How this skill works

On each round the assistant picks a focused self-prompt (e.g., counterexample, boundary case, adversarial input) and updates an Argument Map, a Round Ledger, and a Knowledge Delta. Rounds proceed in a defined cadence: autoloop (default) runs one round per assistant turn until Oracle synthesis; step mode pauses between rounds; full auto runs rounds 1–10 plus Oracle in one turn.
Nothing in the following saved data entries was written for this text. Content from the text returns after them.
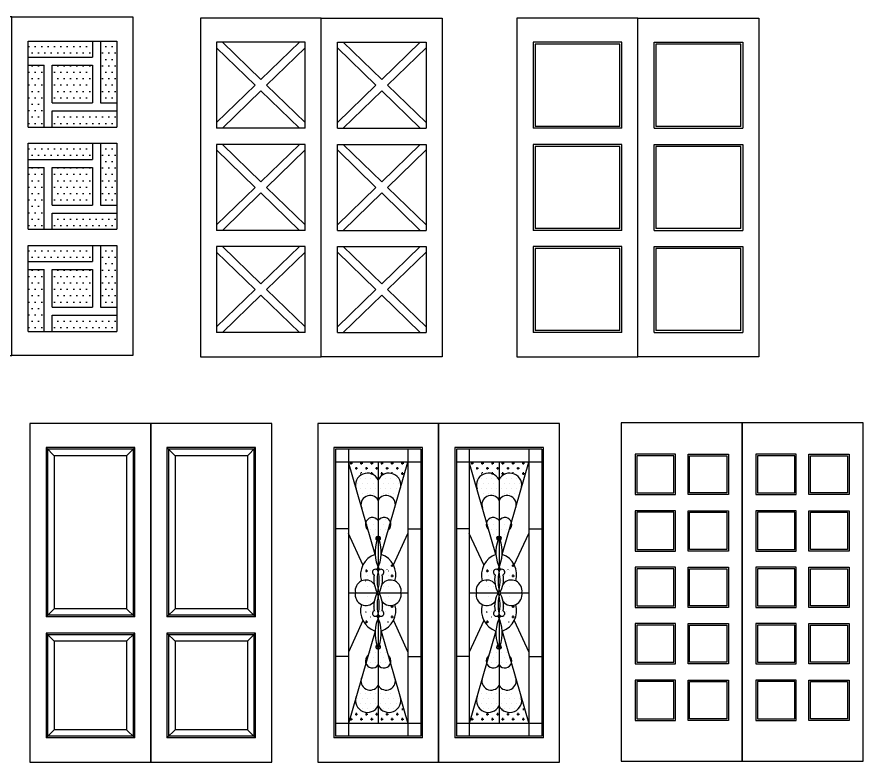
# Model space of a CAD drawing. Extents: x -42728 to 99010, y -18674 to 47645.
# Drawn here: x 29130 to 34379, y 6199 to 10820 of the extents above; entities that cross this region are included whole.
import ezdxf

# ---------------------------------------------------------------- set-up
doc = ezdxf.new("R2010")
doc.units = 0
doc.header["$LTSCALE"] = 100
doc.header["$MEASUREMENT"] = 0
doc.layers.get('0').update_dxf_attribs({"linetype": 'CONTINUOUS'})
for name, color, linetype in [('CUANG', 4, 'CONTINUOUS'), ('DIMIAN', 8, 'CONTINUOUS'), ('JIAJU', 7, 'CONTINUOUS')]:
    doc.layers.add(name, color=color, linetype=linetype)

# ---------------------------------------------------------------- blocks, each defined once
blk = doc.blocks.new('SM-1')
at = {"layer": 'DIMIAN'}
h = blk.add_hatch(dxfattribs=at)
h.set_pattern_fill('DOTS,_O', color=256, scale=25)
h.set_pattern_definition([(0, (-859049.95, -898168.447), (19.84375, 39.6875), [0, -39.6875])])
h.paths.add_polyline_path([(-100, -250), (-100, -150), (-500, -150), (-500, -250)])
h.paths.add_polyline_path([(-500, -300), (-500, -533.3), (-250, -533.3), (-250, -300)])
h.paths.add_polyline_path([(-650, -533.3), (-550, -533.3), (-550, -150), (-650, -150)])
h.paths.add_polyline_path([(-650, -583.3), (-650, -683.3), (-250, -683.3), (-250, -583.3)])
h.paths.add_polyline_path([(-200, -683.3), (-100, -683.3), (-100, -300), (-200, -300)])
h = blk.add_hatch(dxfattribs=at)
h.set_pattern_fill('DOTS,_O', color=256, scale=25)
h.set_pattern_definition([(180, (859049.95, -898168.447), (-19.84375, 39.6875), [0, -39.6875])])
h.paths.add_polyline_path([(500, -250), (500, -150), (100, -150), (100, -250)])
h.paths.add_polyline_path([(250, -300), (250, -533.3), (500, -533.3), (500, -300)])
h.paths.add_polyline_path([(650, -150), (550, -150), (550, -533.3), (650, -533.3)])
h.paths.add_polyline_path([(250, -583.3), (250, -683.3), (650, -683.3), (650, -583.3)])
h.paths.add_polyline_path([(200, -300), (100, -300), (100, -683.3), (200, -683.3)])
h = blk.add_hatch(dxfattribs=at)
h.set_pattern_fill('DOTS,_O', color=256, scale=25)
h.set_pattern_definition([(0, (-859049.95, -898801.78), (19.84375, 39.6875), [0, -39.6875])])
h.paths.add_polyline_path([(-100, -783.3), (-500, -783.3), (-500, -883.3), (-100, -883.3)])
h.paths.add_polyline_path([(-250, -933.3), (-500, -933.3), (-500, -1166.7), (-250, -1166.7)])
h.paths.add_polyline_path([(-550, -783.3), (-650, -783.3), (-650, -1166.7), (-550, -1166.7)])
h.paths.add_polyline_path([(-250, -1216.7), (-650, -1216.7), (-650, -1316.7), (-250, -1316.7)])
h.paths.add_polyline_path([(-100, -933.3), (-200, -933.3), (-200, -1316.7), (-100, -1316.7)])
h = blk.add_hatch(dxfattribs=at)
h.set_pattern_fill('DOTS,_O', color=256, scale=25)
h.set_pattern_definition([(180, (859049.95, -898801.78), (-19.84375, 39.6875), [0, -39.6875])])
h.paths.add_polyline_path([(100, -783.3), (500, -783.3), (500, -883.3), (100, -883.3)])
h.paths.add_polyline_path([(250, -933.3), (500, -933.3), (500, -1166.7), (250, -1166.7)])
h.paths.add_polyline_path([(550, -783.3), (650, -783.3), (650, -1166.7), (550, -1166.7)])
h.paths.add_polyline_path([(250, -1216.7), (650, -1216.7), (650, -1316.7), (250, -1316.7)])
h.paths.add_polyline_path([(100, -933.3), (200, -933.3), (200, -1316.7), (100, -1316.7)])
h = blk.add_hatch(dxfattribs=at)
h.set_pattern_fill('DOTS,_O', color=256, scale=25)
h.set_pattern_definition([(0, (-859049.95, -899435.114), (19.84375, 39.6875), [0, -39.6875])])
h.paths.add_polyline_path([(-100, -1416.7), (-500, -1416.7), (-500, -1516.7), (-100, -1516.7)])
h.paths.add_polyline_path([(-250, -1566.7), (-500, -1566.7), (-500, -1800), (-250, -1800)])
h.paths.add_polyline_path([(-550, -1416.7), (-650, -1416.7), (-650, -1800), (-550, -1800)])
h.paths.add_polyline_path([(-250, -1850), (-650, -1850), (-650, -1950), (-250, -1950)])
h.paths.add_polyline_path([(-100, -1566.7), (-200, -1566.7), (-200, -1950), (-100, -1950)])
h = blk.add_hatch(dxfattribs=at)
h.set_pattern_fill('DOTS,_O', color=256, scale=25)
h.set_pattern_definition([(180, (859049.95, -899435.114), (-19.84375, 39.6875), [0, -39.6875])])
h.paths.add_polyline_path([(100, -1416.7), (500, -1416.7), (500, -1516.7), (100, -1516.7)])
h.paths.add_polyline_path([(250, -1566.7), (500, -1566.7), (500, -1800), (250, -1800)])
h.paths.add_polyline_path([(550, -1416.7), (650, -1416.7), (650, -1800), (550, -1800)])
h.paths.add_polyline_path([(250, -1850), (650, -1850), (650, -1950), (250, -1950)])
h.paths.add_polyline_path([(100, -1566.7), (200, -1566.7), (200, -1950), (100, -1950)])
at = {"layer": 'JIAJU'}
for p, q in [((0, 0), (-750, 0)), ((-750, 0), (-750, -2100)), ((0, 0), (750, 0)), ((0, -2100), (0, 0)), ((0, -2100), (0, 0)), ((750, 0), (750, -2100)), ((-650, -150), (-650, -683.3)), ((-100, -150), (-650, -150)), ((-550, -150), (-550, -533.3)), ((-500, -150), (-500, -250)), ((-100, -683.3), (-100, -150)), ((100, -150), (650, -150)), ((100, -683.3), (100, -150)), ((500, -150), (500, -250)), ((550, -150), (550, -533.3)), ((650, -150), (650, -683.3)), ((-100, -250), (-500, -250)), ((100, -250), (500, -250)), ((-500, -300), (-500, -533.3)), ((-250, -300), (-500, -300)), ((-250, -533.3), (-250, -300)), ((-200, -683.3), (-200, -300)), ((-100, -300), (-200, -300)), ((100, -300), (200, -300)), ((200, -683.3), (200, -300)), ((250, -300), (500, -300)), ((250, -533.3), (250, -300)), ((500, -300), (500, -533.3)), ((-550, -533.3), (-650, -533.3)), ((-250, -533.3), (-500, -533.3)), ((250, -533.3), (500, -533.3)), ((550, -533.3), (650, -533.3)), ((-250, -583.3), (-650, -583.3)), ((-250, -683.3), (-250, -583.3)), ((250, -583.3), (650, -583.3)), ((250, -683.3), (250, -583.3)), ((-100, -683.3), (-650, -683.3)), ((100, -683.3), (650, -683.3)), ((-100, -783.3), (-650, -783.3)), ((-650, -783.3), (-650, -1316.7)), ((-550, -783.3), (-550, -1166.7)), ((-500, -783.3), (-500, -883.3)), ((-100, -1316.7), (-100, -783.3)), ((100, -1316.7), (100, -783.3)), ((100, -783.3), (650, -783.3)), ((500, -783.3), (500, -883.3)), ((550, -783.3), (550, -1166.7)), ((650, -783.3), (650, -1316.7)), ((-100, -883.3), (-500, -883.3)), ((100, -883.3), (500, -883.3)), ((-250, -933.3), (-500, -933.3)), ((-500, -933.3), (-500, -1166.7)), ((-250, -1166.7), (-250, -933.3)), ((-100, -933.3), (-200, -933.3)), ((-200, -1316.7), (-200, -933.3)), ((100, -933.3), (200, -933.3)), ((200, -1316.7), (200, -933.3)), ((250, -1166.7), (250, -933.3)), ((250, -933.3), (500, -933.3)), ((500, -933.3), (500, -1166.7)), ((-550, -1166.7), (-650, -1166.7)), ((-250, -1166.7), (-500, -1166.7)), ((250, -1166.7), (500, -1166.7)), ((550, -1166.7), (650, -1166.7)), ((-250, -1216.7), (-650, -1216.7)), ((-250, -1316.7), (-250, -1216.7)), ((250, -1316.7), (250, -1216.7)), ((250, -1216.7), (650, -1216.7)), ((-100, -1316.7), (-650, -1316.7)), ((100, -1316.7), (650, -1316.7)), ((-100, -1416.7), (-650, -1416.7)), ((-650, -1416.7), (-650, -1950)), ((-550, -1416.7), (-550, -1800)), ((-500, -1416.7), (-500, -1516.7)), ((-100, -1950), (-100, -1416.7)), ((100, -1416.7), (650, -1416.7)), ((100, -1950), (100, -1416.7)), ((500, -1416.7), (500, -1516.7)), ((550, -1416.7), (550, -1800)), ((650, -1416.7), (650, -1950)), ((-100, -1516.7), (-500, -1516.7)), ((100, -1516.7), (500, -1516.7)), ((-250, -1566.7), (-500, -1566.7)), ((-500, -1566.7), (-500, -1800)), ((-250, -1800), (-250, -1566.7)), ((-100, -1566.7), (-200, -1566.7)), ((-200, -1950), (-200, -1566.7)), ((100, -1566.7), (200, -1566.7)), ((200, -1950), (200, -1566.7)), ((250, -1566.7), (500, -1566.7)), ((250, -1800), (250, -1566.7)), ((500, -1566.7), (500, -1800)), ((-550, -1800), (-650, -1800)), ((-250, -1800), (-500, -1800)), ((250, -1800), (500, -1800)), ((550, -1800), (650, -1800)), ((-250, -1850), (-650, -1850)), ((-250, -1950), (-250, -1850)), ((250, -1950), (250, -1850)), ((250, -1850), (650, -1850)), ((-100, -1950), (-650, -1950)), ((100, -1950), (650, -1950)), ((-750, -2100), (0, -2100)), ((750, -2100), (0, -2100))]:
    blk.add_line(p, q, dxfattribs=at)
blk = doc.blocks.new('SM-3')
at = {"layer": 'CUANG'}
for p, q in [((-112, -162), (-638, -162)), ((-638, -162), (-638, -671.3)), ((-112, -671.3), (-112, -162)), ((638, -162), (112, -162)), ((112, -162), (112, -671.3)), ((638, -671.3), (638, -162)), ((-112, -671.3), (-638, -671.3)), ((638, -671.3), (112, -671.3)), ((-112, -795.3), (-638, -795.3)), ((-638, -795.3), (-638, -1304.7)), ((-112, -1304.7), (-112, -795.3)), ((638, -795.3), (112, -795.3)), ((112, -795.3), (112, -1304.7)), ((638, -1304.7), (638, -795.3)), ((-112, -1304.7), (-638, -1304.7)), ((638, -1304.7), (112, -1304.7)), ((-112, -1428.7), (-638, -1428.7)), ((-638, -1428.7), (-638, -1938)), ((-112, -1938), (-112, -1428.7)), ((638, -1428.7), (112, -1428.7)), ((112, -1428.7), (112, -1938)), ((638, -1938), (638, -1428.7)), ((-112, -1938), (-638, -1938)), ((638, -1938), (112, -1938))]:
    blk.add_line(p, q, dxfattribs=at)
at = {"layer": 'JIAJU'}
for p, q in [((-750, 0), (-750, -2100)), ((0, 0), (-750, 0)), ((0, -2100), (0, 0)), ((0, -2100), (0, 0)), ((0, 0), (750, 0)), ((750, 0), (750, -2100)), ((-100, -150), (-650, -150)), ((-650, -150), (-650, -683.3)), ((-100, -683.3), (-100, -150)), ((100, -683.3), (100, -150)), ((100, -150), (650, -150)), ((650, -150), (650, -683.3)), ((-100, -683.3), (-650, -683.3)), ((100, -683.3), (650, -683.3)), ((-650, -783.3), (-650, -1316.7)), ((-100, -783.3), (-650, -783.3)), ((-100, -1316.7), (-100, -783.3)), ((100, -783.3), (650, -783.3)), ((100, -1316.7), (100, -783.3)), ((650, -783.3), (650, -1316.7)), ((-100, -1316.7), (-650, -1316.7)), ((100, -1316.7), (650, -1316.7)), ((-650, -1416.7), (-650, -1950)), ((-100, -1416.7), (-650, -1416.7)), ((-100, -1950), (-100, -1416.7)), ((100, -1416.7), (650, -1416.7)), ((100, -1950), (100, -1416.7)), ((650, -1416.7), (650, -1950)), ((-100, -1950), (-650, -1950)), ((100, -1950), (650, -1950)), ((-750, -2100), (0, -2100)), ((750, -2100), (0, -2100))]:
    blk.add_line(p, q, dxfattribs=at)
blk = doc.blocks.new('SM-2')
at = {"layer": 'JIAJU'}
for p, q in [((-750, 0), (-750, -2100)), ((0, 0), (-750, 0)), ((0, -2100), (0, 0)), ((0, -2100), (0, 0)), ((0, 0), (750, 0)), ((750, 0), (750, -2100)), ((-100, -150), (-650, -150)), ((-650, -150), (-650, -683.3)), ((-614.1, -150), (-375, -381.8)), ((-135.9, -150), (-375, -381.8)), ((-100, -683.3), (-100, -150)), ((100, -683.3), (100, -150)), ((100, -150), (650, -150)), ((135.9, -150), (375, -381.8)), ((614.1, -150), (375, -381.8)), ((650, -150), (650, -683.3)), ((-650, -184.8), (-410.9, -416.7)), ((-100, -184.8), (-339.1, -416.7)), ((100, -184.8), (339.1, -416.7)), ((650, -184.8), (410.9, -416.7)), ((-410.9, -416.7), (-650, -648.5)), ((-339.1, -416.7), (-100, -648.5)), ((339.1, -416.7), (100, -648.5)), ((410.9, -416.7), (650, -648.5)), ((-375, -451.5), (-614.1, -683.3)), ((-375, -451.5), (-135.9, -683.3)), ((375, -451.5), (135.9, -683.3)), ((375, -451.5), (614.1, -683.3)), ((-100, -683.3), (-650, -683.3)), ((100, -683.3), (650, -683.3)), ((-650, -783.3), (-650, -1316.7)), ((-100, -783.3), (-650, -783.3)), ((-614.1, -783.3), (-375, -1015.2)), ((-135.9, -783.3), (-375, -1015.2)), ((-100, -1316.7), (-100, -783.3)), ((100, -783.3), (650, -783.3)), ((100, -1316.7), (100, -783.3)), ((135.9, -783.3), (375, -1015.2)), ((614.1, -783.3), (375, -1015.2)), ((650, -783.3), (650, -1316.7)), ((-650, -818.2), (-410.9, -1050)), ((-100, -818.2), (-339.1, -1050)), ((100, -818.2), (339.1, -1050)), ((650, -818.2), (410.9, -1050)), ((-410.9, -1050), (-650, -1281.8)), ((-375, -1084.8), (-614.1, -1316.7)), ((-375, -1084.8), (-135.9, -1316.7)), ((-339.1, -1050), (-100, -1281.8)), ((339.1, -1050), (100, -1281.8)), ((375, -1084.8), (135.9, -1316.7)), ((375, -1084.8), (614.1, -1316.7)), ((410.9, -1050), (650, -1281.8)), ((-100, -1316.7), (-650, -1316.7)), ((100, -1316.7), (650, -1316.7)), ((-650, -1416.7), (-650, -1950)), ((-100, -1416.7), (-650, -1416.7)), ((-614.1, -1416.7), (-375, -1648.5)), ((-135.9, -1416.7), (-375, -1648.5)), ((-100, -1950), (-100, -1416.7)), ((100, -1416.7), (650, -1416.7)), ((100, -1950), (100, -1416.7)), ((135.9, -1416.7), (375, -1648.5)), ((614.1, -1416.7), (375, -1648.5)), ((650, -1416.7), (650, -1950)), ((-650, -1451.5), (-410.9, -1683.3)), ((-100, -1451.5), (-339.1, -1683.3)), ((100, -1451.5), (339.1, -1683.3)), ((650, -1451.5), (410.9, -1683.3)), ((-410.9, -1683.3), (-650, -1915.2)), ((-375, -1718.2), (-614.1, -1950)), ((-375, -1718.2), (-135.9, -1950)), ((-339.1, -1683.3), (-100, -1915.2)), ((339.1, -1683.3), (100, -1915.2)), ((375, -1718.2), (135.9, -1950)), ((375, -1718.2), (614.1, -1950)), ((410.9, -1683.3), (650, -1915.2)), ((-100, -1950), (-650, -1950)), ((100, -1950), (650, -1950)), ((-750, -2100), (0, -2100)), ((750, -2100), (0, -2100))]:
    blk.add_line(p, q, dxfattribs=at)
blk = doc.blocks.new('A$C4E0F3A08')
at = {"layer": 'DIMIAN'}
blk.add_blockref('SM-1', (750, 2107.3), dxfattribs=at)
at = {"layer": 'JIAJU'}
for name, p in [('SM-2', (2669.4, 2100.4)), ('SM-3', (4633.1, 2100))]:
    blk.add_blockref(name, p, dxfattribs=at)
blk = doc.blocks.new('SM-5')
at = {"layer": 'CUANG'}
for p, q in [((-560, -160), (-560, -1940)), ((-190, -160), (-190, -1940)), ((190, -160), (190, -1940)), ((560, -160), (560, -1940)), ((-110, -240), (-640, -240)), ((-394.1, -812.4), (-560, -240)), ((-375, -240), (-375, -917.9)), ((-355.9, -812.4), (-190, -240)), ((640, -240), (110, -240)), ((355.9, -812.4), (190, -240)), ((375, -240), (375, -917.9)), ((394.1, -812.4), (560, -240)), ((-560, -653.8), (-640, -653.8)), ((-469.4, -877.8), (-560, -681.7)), ((-280.6, -877.8), (-190, -681.7)), ((-190, -653.8), (-110, -653.8)), ((190, -653.8), (110, -653.8)), ((280.6, -877.8), (190, -681.7)), ((469.4, -877.8), (560, -681.7)), ((560, -653.8), (640, -653.8)), ((-560, -1050), (-379.8, -1050)), ((-370.2, -1050), (-190, -1050)), ((190, -1050), (370.2, -1050)), ((379.8, -1050), (560, -1050)), ((-375, -1182.1), (-375, -1860)), ((375, -1182.1), (375, -1860)), ((-469.4, -1222.2), (-560, -1418.3)), ((-280.6, -1222.2), (-190, -1418.3)), ((280.6, -1222.2), (190, -1418.3)), ((469.4, -1222.2), (560, -1418.3)), ((-394.1, -1287.6), (-560, -1860)), ((-355.9, -1287.6), (-190, -1860)), ((355.9, -1287.6), (190, -1860)), ((394.1, -1287.6), (560, -1860)), ((-560, -1446.2), (-640, -1446.2)), ((-190, -1446.2), (-110, -1446.2)), ((190, -1446.2), (110, -1446.2)), ((560, -1446.2), (640, -1446.2)), ((-110, -1860), (-640, -1860)), ((640, -1860), (110, -1860))]:
    blk.add_line(p, q, dxfattribs=at)
for centre, radius, start, end in [((-441.5, -382.4), 74.3, 26.6067, 198.966), ((-308.5, -382.4), 74.3, 341.034, 153.3933), ((308.5, -382.4), 74.3, 26.6067, 198.966), ((441.5, -382.4), 74.3, 341.034, 153.3933), ((-424.7, -503.6), 57.1, 29.5053, 203.3096), ((-325.3, -503.6), 57.1, 336.6904, 150.4947), ((325.3, -503.6), 57.1, 29.5053, 203.3096), ((424.7, -503.6), 57.1, 336.6904, 150.4947), ((-410.7, -626.8), 43.4, 34.8281, 230.6382), ((-339.3, -626.8), 43.4, 309.3618, 145.1719), ((339.3, -626.8), 43.4, 34.8281, 230.6382), ((410.7, -626.8), 43.4, 309.3618, 145.1719), ((-165.3, -798.6), 229.2, 159.7305, 207.1622), ((-378.9, -712.7), 11.3, 325.096, 290.3433), ((-371.1, -712.7), 11.3, 249.6567, 214.904), ((-584.7, -798.6), 229.2, 332.8378, 20.2695), ((584.7, -798.6), 229.2, 159.7305, 207.1622), ((371.1, -712.7), 11.3, 325.096, 290.3433), ((378.9, -712.7), 11.3, 249.6567, 214.904), ((165.3, -798.6), 229.2, 332.8378, 20.2695), ((-349.4, -939.9), 135.1, 109.333, 195.9781), ((-400.6, -939.9), 135.1, 344.0219, 70.667), ((400.6, -939.9), 135.1, 109.333, 195.9781), ((349.4, -939.9), 135.1, 344.0219, 70.667), ((-392.4, -922), 17.9, 13.4889, 244.5421), ((-237.2, -966.3), 165.3, 170.2338, 210.4271), ((-125.6, -975), 255.9, 167.0863, 197.0357), ((-624.4, -975), 255.9, 342.9643, 12.9137), ((-357.6, -922), 17.9, 295.4579, 166.5111), ((-512.8, -966.3), 165.3, 329.5729, 9.7662), ((357.6, -922), 17.9, 13.4889, 244.5421), ((512.8, -966.3), 165.3, 170.2338, 210.4271), ((624.4, -975), 255.9, 167.0863, 197.0357), ((125.6, -975), 255.9, 342.9643, 12.9137), ((392.4, -922), 17.9, 295.4579, 166.5111), ((237.2, -966.3), 165.3, 329.5729, 9.7662), ((-451.5, -1036.7), 65.8, 38.325, 191.6278), ((-298.5, -1036.7), 65.8, 348.3722, 141.675), ((298.5, -1036.7), 65.8, 38.325, 191.6278), ((451.5, -1036.7), 65.8, 348.3722, 141.675), ((-451.5, -1063.3), 65.8, 168.3722, 321.675), ((-237.2, -1133.7), 165.3, 149.5729, 189.7662), ((-125.6, -1125), 255.9, 162.9643, 192.9137), ((-624.4, -1125), 255.9, 347.0863, 17.0357), ((-512.8, -1133.7), 165.3, 350.2338, 30.4271), ((-298.5, -1063.3), 65.8, 218.325, 11.6278), ((298.5, -1063.3), 65.8, 168.3722, 321.675), ((512.8, -1133.7), 165.3, 149.5729, 189.7662), ((624.4, -1125), 255.9, 162.9643, 192.9137), ((125.6, -1125), 255.9, 347.0863, 17.0357), ((237.2, -1133.7), 165.3, 350.2338, 30.4271), ((451.5, -1063.3), 65.8, 218.325, 11.6278), ((-349.4, -1160.1), 135.1, 164.0219, 250.667), ((-400.6, -1160.1), 135.1, 289.333, 15.9781), ((400.6, -1160.1), 135.1, 164.0219, 250.667), ((349.4, -1160.1), 135.1, 289.333, 15.9781), ((-392.4, -1178), 17.9, 115.4579, 346.5111), ((-165.3, -1301.4), 229.2, 152.8378, 200.2695), ((-584.7, -1301.4), 229.2, 339.7305, 27.1622), ((-357.6, -1178), 17.9, 193.4889, 64.5421), ((357.6, -1178), 17.9, 115.4579, 346.5111), ((584.7, -1301.4), 229.2, 152.8378, 200.2695), ((165.3, -1301.4), 229.2, 339.7305, 27.1622), ((392.4, -1178), 17.9, 193.4889, 64.5421), ((-378.9, -1387.3), 11.3, 69.6567, 34.904), ((-371.1, -1387.3), 11.3, 145.096, 110.3433), ((371.1, -1387.3), 11.3, 69.6567, 34.904), ((378.9, -1387.3), 11.3, 145.096, 110.3433), ((-410.7, -1473.2), 43.4, 129.3618, 325.1719), ((-339.3, -1473.2), 43.4, 214.8281, 50.6382), ((339.3, -1473.2), 43.4, 129.3618, 325.1719), ((410.7, -1473.2), 43.4, 214.8281, 50.6382), ((-424.7, -1596.4), 57.1, 156.6904, 330.4947), ((-325.3, -1596.4), 57.1, 209.5053, 23.3096), ((325.3, -1596.4), 57.1, 156.6904, 330.4947), ((424.7, -1596.4), 57.1, 209.5053, 23.3096), ((-441.5, -1717.6), 74.3, 161.034, 333.3933), ((-308.5, -1717.6), 74.3, 206.6067, 18.966), ((308.5, -1717.6), 74.3, 161.034, 333.3933), ((441.5, -1717.6), 74.3, 206.6067, 18.966)]:
    blk.add_arc(centre, radius, start, end, dxfattribs=at)
at = {"layer": 'DIMIAN'}
for p, q in [((-640, -160), (-640, -1940)), ((-110, -160), (-640, -160)), ((-110, -160), (-110, -1940)), ((640, -160), (110, -160)), ((110, -160), (110, -1940)), ((640, -160), (640, -1940)), ((-549.8, -246.7), (-534, -246.7)), ((-541.9, -254.6), (-541.9, -240)), ((-486.3, -246.7), (-470.5, -246.7)), ((-478.4, -254.6), (-478.4, -240)), ((-422.8, -246.7), (-407, -246.7)), ((-414.9, -254.6), (-414.9, -240)), ((-359.3, -246.7), (-343.5, -246.7)), ((-351.4, -254.6), (-351.4, -240)), ((-295.8, -246.7), (-280, -246.7)), ((-287.9, -254.6), (-287.9, -240)), ((-232.3, -246.7), (-216.5, -246.7)), ((-224.4, -254.6), (-224.4, -240)), ((200.2, -246.7), (216, -246.7)), ((208.1, -254.6), (208.1, -240)), ((263.7, -246.7), (279.5, -246.7)), ((271.6, -254.6), (271.6, -240)), ((327.2, -246.7), (343, -246.7)), ((335.1, -254.6), (335.1, -240)), ((390.7, -246.7), (406.5, -246.7)), ((398.6, -254.6), (398.6, -240)), ((454.2, -246.7), (470, -246.7)), ((462.1, -254.6), (462.1, -240)), ((517.7, -246.7), (533.5, -246.7)), ((525.6, -254.6), (525.6, -240)), ((-518.1, -278.4), (-502.2, -278.4)), ((-510.1, -286.4), (-510.1, -270.5)), ((-486.3, -310.2), (-484.2, -310.2)), ((-478.4, -308.9), (-478.4, -302.3)), ((-470.5, -310.2), (-470.5, -310.2)), ((-454.6, -278.4), (-438.7, -278.4)), ((-446.6, -286.4), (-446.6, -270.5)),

The final Oracle synthesis produces a refined claim, valid/invalid conditions, confidence trail, and next tests.

When to use it

User asserts certainty words like "always", "never", "guaranteed", "optimal", "100%".
User asks for "prove it", "devil's advocate", "stress test", or "rigor".
A claim feels unusually clean or lacks explicit scope or assumptions.
You need a reproducible test plan or boundaries before deploying a decision.
Preparing a defensible statement for audits, compliance, or high-stakes choices.

Best practices

Start by restating the exact claim and its scope before running rounds.
Default to autoloop unless the user requests step mode or full auto.
Publish Round Ledger and Knowledge Delta after every round for traceability.
Prefer concrete, smallest counterexamples and measurable tests.
Synthesize a refined claim with explicit "valid when" and "invalid when" boundaries.

Example use cases

A product manager claims a feature "will always increase retention" and needs stress-testing and boundary conditions.
An engineer says a model "cannot fail" in production; run adversarial and operational rounds to find failure modes.
A strategist asserts a tactic is "optimal"; run comparative baselines and alternative-paradigm rounds to challenge it.
A researcher wants a fast disproof experiment to decide whether to pursue an idea.
A compliance reviewer needs explicit assumptions and tests to approve a high-risk deployment.

FAQ

How many rounds will you run?

Default autoloop runs one round per assistant turn up to the ten-round gauntlet and then Oracle synthesis; if confidence stays low, additional rounds (11+) run until sufficient confidence.

Can I pause between rounds?

Yes—invoke step mode by asking for "step mode", "pause", or "one round at a time" and the skill will wait for your "next" before proceeding.